Section 198 of the new Constitution requires the legislature to enact a law forcing public officers to make regular disclosures of their assets and establish codes of conduct to be observed by public officers.

The ruling Zanu PF party had in the early 80s a code of ethics that required public disclosure but abandoned the practise midstream.

Zimbabwe Anti -Corruption Commission (ZACC) chairperson Denford Chirindo said the government needed to make sure institutions like his were fully funded.

“There are issues to do with capacity and funding that are very fundamental to the existence of organisations such as ZACC,” he said.

“Zimbabwe has since been ranked number 157 among the most corrupt countries in the world but we gained 6 places to 177 this year meaning we are improving.”

However, last week Chirindo dismissed the Transparency International (TI) ranking arguing the global-anti-graft lobby group was discredited.

“We have to ask who Transparency International is and who its masters are. They have to justify the funding they receive as a non-governmental organisation,” he said then.
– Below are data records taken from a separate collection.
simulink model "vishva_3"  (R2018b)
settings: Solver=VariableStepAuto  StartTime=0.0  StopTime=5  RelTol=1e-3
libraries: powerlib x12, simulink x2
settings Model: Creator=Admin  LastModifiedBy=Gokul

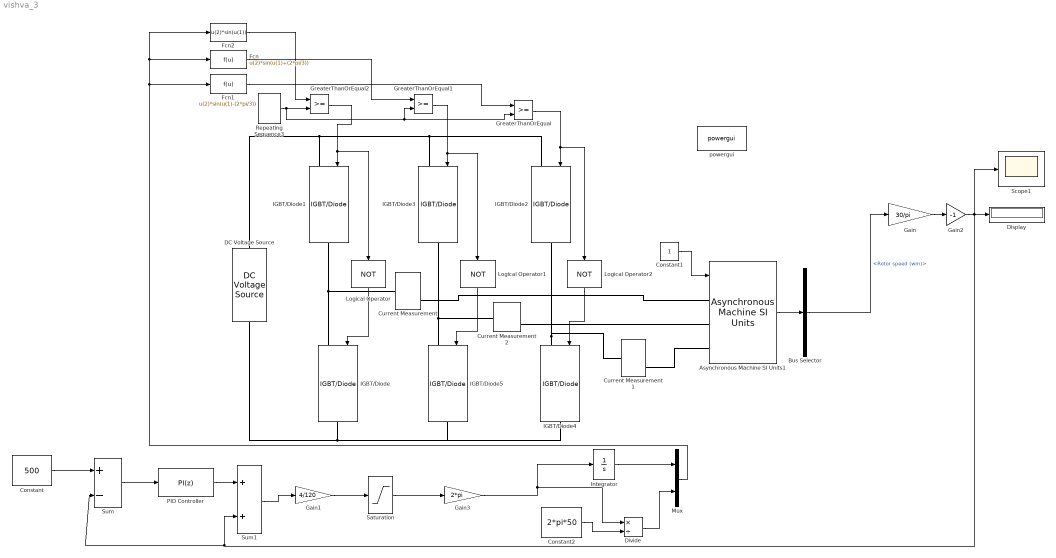
== system vishva_3 ==
  Asynchronous Machine SI Units1 : powerlib/Machines/Asynchronous Machine SI Units  RotorType=Squirrel-cage  PresetModel=No  MechanicalLoad=Torque Tm  ShowDetailedParameters=on  ReferenceFrame=Rotor  Units=SI  MeasurementBus=off  NominalParameters=[1.845e+04 400 50]  Stator=[0.5968 0.0003495]  Rotor=[0.6258 0.005473]  Cage1=[0.4155 0.002066]  Cage2=[0.4168 0.0003495]  Lm=0.0354  Mechanical=[0.05 0.005879 2]  PolePairs=2  InitialConditions=[1 0 0 0 0 0 0 0]  SimulateSaturation=off  Saturation=[14.03593122, 27.81365428, 53.79336849, 72.68890987, 97.98006896, 148.6815601, 215.7428561, 302.9841135, 428.7778367 ; 230, 322, 414, 460, 506, 552, 598, 644, 690]  LoadFlowParameters=1492000  TsPowergui=0  TsBlock=-1  IterativeModel=Trapezoidal non iterative  IterativeDiscreteModel=Trapezoidal non iterative  Pmec=1.492e+006
  Bus Selector : BusSelector  OutputSignals=Mechanical.Rotor speed (wm)
  Constant : Constant  Value=500
  Constant1 : Constant
  Constant2 : Constant  Value=2*pi*50
  Current Measurement : powerlib/Measurements/Current Measurement  PhasorSimulation=off  OutputType=Complex  PSBequivalent=0
  Current Measurement1 : powerlib/Measurements/Current Measurement  PhasorSimulation=off  OutputType=Complex  PSBequivalent=0
  Current Measurement2 : powerlib/Measurements/Current Measurement  PhasorSimulation=off  OutputType=Complex  PSBequivalent=0
  DC Voltage Source : powerlib/Electrical Sources/DC Voltage Source  Amplitude=650  Measurements=None
  Display : Display
  Divide : Product  Inputs=*/
  Fcn : Fcn  Expr=u(2)*sin(u(1)+(2*pi/3))
  Fcn1 : Fcn  Expr=u(2)*sin(u(1)-(2*pi/3))
  Fcn2 : Fcn  Expr=u(2)*sin(u(1))
  Gain : Gain  Gain=30/pi
  Gain1 : Gain  Gain=4/120
  Gain2 : Gain  Gain=-1
  Gain3 : Gain  Gain=2*pi
  GreaterThanOrEqual : RelationalOperator  OutDataTypeStr=boolean  RndMeth=Simplest
  GreaterThanOrEqual1 : RelationalOperator  OutDataTypeStr=boolean  RndMeth=Simplest
  GreaterThanOrEqual2 : RelationalOperator  OutDataTypeStr=boolean  RndMeth=Simplest
  IGBT/Diode{,1..5} (6 alike) : powerlib/Power Electronics/IGBT//Diode  Ron=1e-3  Rs=1e5  Cs=inf  Measurements=off
  Integrator : Integrator
  Logical Operator : Logic  Operator=NOT  AllPortsSameDT=off  OutDataTypeStr=boolean
  Logical Operator1 : Logic  Operator=NOT  AllPortsSameDT=off  OutDataTypeStr=boolean
  Logical Operator2 : Logic  Operator=NOT  AllPortsSameDT=off  OutDataTypeStr=boolean
  Mux : Mux  Inputs=2
  PID Controller : simulink/Continuous/PID Controller  Controller=PI  Form=Parallel  TimeDomain=Discrete-time  SampleTime=1e-5  IntegratorMethod=Forward Euler  FilterMethod=Forward Euler  ControllerParametersSource=internal  P=1  I=0.25  D=10  UseFilter=on  N=100  TunerSelectOption=Transfer Function Based (PID Tuner App)  InitialConditionSource=internal  InitialConditionForIntegrator=0  InitialConditionForFilter=0  DifferentiatorICPrevScaledInput=0  ExternalReset=none  TrackingMode=off  Kt=1  LimitOutput=on  UpperSaturationLimit=50  LowerSaturationLimit=-50  LinearizeAsGain=on  AntiWindupMode=clamping  Kb=1  POutMin=[]  POutMax=[]  IOutMin=[]  IOutMax=[]  DOutMin=[]  DOutMax=[]  NOutMin=[]  NOutMax=[]  SumOutMin=[]  SumOutMax=[]  SaturationOutMin=[]  SaturationOutMax=[]  PParamMin=[]  PParamMax=[]  IParamMin=[]  IParamMax=[]  DParamMin=[]  DParamMax=[]  NParamMin=[]  NParamMax=[]  KbParamMin=[]  KbParamMax=[]  KtParamMin=[]  KtParamMax=[]  KbOutMin=[]  KbOutMax=[]  KtOutMin=[]  KtOutMax=[]  IntegratorOutMin=[]  IntegratorOutMax=[]  FilterOutMin=[]  FilterOutMax=[]  SumI1OutMin=[]  SumI1OutMax=[]  SumI2OutMin=[]  SumI2OutMax=[]  SumI3OutMin=[]  SumI3OutMax=[]  SumI4OutMin=[]  SumI4OutMax=[]  SumDOutMin=[]  SumDOutMax=[]  DifferentiatorOutMin=[]  DifferentiatorOutMax=[]  FilterDiffOutCoefMin=[]  FilterDiffOutCoefMax=[]  ReciprocalOutMin=[]  ReciprocalOutMax=[]  SumDenOutMin=[]  SumDenOutMax=[]  SumNumOutMin=[]  SumNumOutMax=[]  DivideOutMin=[]  DivideOutMax=[]  IntegratorContinuousStateAttributes=''  IntegratorStateMustResolveToSignalObject=off  IntegratorRTWStateStorageClass=Auto  FilterContinuousStateAttributes=''  FilterStateMustResolveToSignalObject=off  FilterRTWStateStorageClass=Auto  ParallelPVariant=InternalParameters  IdealPVariant=Disabled  IVariant=InternalParameters  DVariant=Disabled  IntegratorVariant=Discrete  SatVariant=Enabled  AWVariant=DiscClampingParallel  PCopyVariant=Disabled  TRVariant=Disabled  FdbkBlocksVariant=Forward  IdealPFdbkVariant=Disabled  SatFdbkVariant=Disabled  DerivativeFilterVariant=Disabled  NVariant=Disabled  NCopyVariant=Disabled_SignalSpec  FilterICVariant=Disabled  IntegratorICVariant=InternalICs  ExternalResetVariant=Disabled  TRSumVariant=Passthrough  SumFdbkVariant=Disabled  SumVariant=Sum_PI
  Repeating Sequence3 : simulink/Sources/Repeating Sequence  rep_seq_t="[0   1   2]*1/5000"  rep_seq_y="[-1  1  -1]"
  Saturation : Saturate  UpperLimit=50  LowerLimit=0
  Scope1 : Scope
  Sum : Sum  Inputs=+-
  Sum1 : Sum
  powergui : powerlib/powergui  Priority=1  SimulationMode=Discrete  SampleTime=1e-6  frequency=60  Iterations=50  frequencyindice=50  Pbase=100e6  ErrMax=1e-4  UnitsV=kV  UnitsW=MW  buscounter=0  FunctionMessages=off  echomessages=off  EnableUseOfTLC=off  CurrentSourceSwitches=off  DisableSnubberDevices=off  DisableRonSwitches=off  DisableVfSwitches=off  DisplayEquations=off  SolverType=Tustin/Backward Euler (TBE)  Interpol=off  ExternalGateDelay=off  methode=off  Ts=100  x0status=blocks  SPID=on  SwTol=0  HookPort=off  RestoreLinks=warning  ResistiveCurrentMeasurement=off  Frange=[0:2:500]  Ylog=off  Xlog=on  ShowGrid=off  save=off  variable=ZData  structure=0  ZoomFFT=off  StartTime=0.0  cycles=1  DisplayStyle=1  fundamental=60  FreqAxis=off  MaxFrequency=1000  frequencyindicesteady=1  RmsSteady=1  display=off
  wires:
  Bus Selector/1 -> Gain/1  "<Rotor speed (wm)>"
  Fcn1/1 -> GreaterThanOrEqual/1
  Sum/1 -> PID Controller/1
  Sum1/1 -> Gain1/1
  Constant2/1 -> Divide/2
  Mux/1 -> Fcn2/1, Fcn/1, Fcn1/1
  Gain/1 -> Gain2/1
  Integrator/1 -> Mux/1
  Gain3/1 -> Divide/1, Integrator/1
  GreaterThanOrEqual2/1 -> Logical Operator/1, IGBT/Diode1/1
  Fcn2/1 -> GreaterThanOrEqual2/1
  Repeating Sequence3/1 -> GreaterThanOrEqual/2, GreaterThanOrEqual1/2, GreaterThanOrEqual2/2
  GreaterThanOrEqual1/1 -> Logical Operator1/1, IGBT/Diode3/1
  Constant/1 -> Sum/1
  Divide/1 -> Mux/2
  Gain1/1 -> Saturation/1
  Asynchronous Machine SI Units1/1 -> Bus Selector/1
  GreaterThanOrEqual/1 -> Logical Operator2/1, IGBT/Diode2/1
  Fcn/1 -> GreaterThanOrEqual1/1
  Logical Operator/1 -> IGBT/Diode/1
  Logical Operator2/1 -> IGBT/Diode4/1
  Gain2/1 -> Sum/2, Sum1/2, Display/1, Scope1/1
  Logical Operator1/1 -> IGBT/Diode5/1
  Constant1/1 -> Asynchronous Machine SI Units1/1
  PID Controller/1 -> Sum1/1
  Saturation/1 -> Gain3/1
  connections:
  IGBT/Diode4/LConn1 -- IGBT/Diode2/RConn1 -- Current Measurement1/LConn1
  IGBT/Diode/RConn1 -- DC Voltage Source/LConn1 -- IGBT/Diode4/RConn1 -- IGBT/Diode5/RConn1
  IGBT/Diode3/LConn1 -- IGBT/Diode1/LConn1 -- DC Voltage Source/RConn1 -- IGBT/Diode2/LConn1
  Current Measurement/LConn1 -- IGBT/Diode1/RConn1 -- IGBT/Diode/LConn1
  Current Measurement2/LConn1 -- IGBT/Diode3/RConn1 -- IGBT/Diode5/LConn1
  Current Measurement2/RConn1 -- Asynchronous Machine SI Units1/LConn2
  Current Measurement1/RConn1 -- Asynchronous Machine SI Units1/LConn3
  Current Measurement/RConn1 -- Asynchronous Machine SI Units1/LConn1

“I was in Vienna (Austria) early this year at a conference organised by United Nations Office on Drugs and Crime (UNODC) and they (TI) failed to justify their rankings.”

In its report on the corruption perception index this year, TI revealed that Zimbabwe had moved positively by six places, a situation the local chapter TI-Zimbabwe said was not a cause for celebration.

The lobbyists also called for the inclusion of anti-corruption in the country’s curriculum at a tender age to raise awareness about the scourge.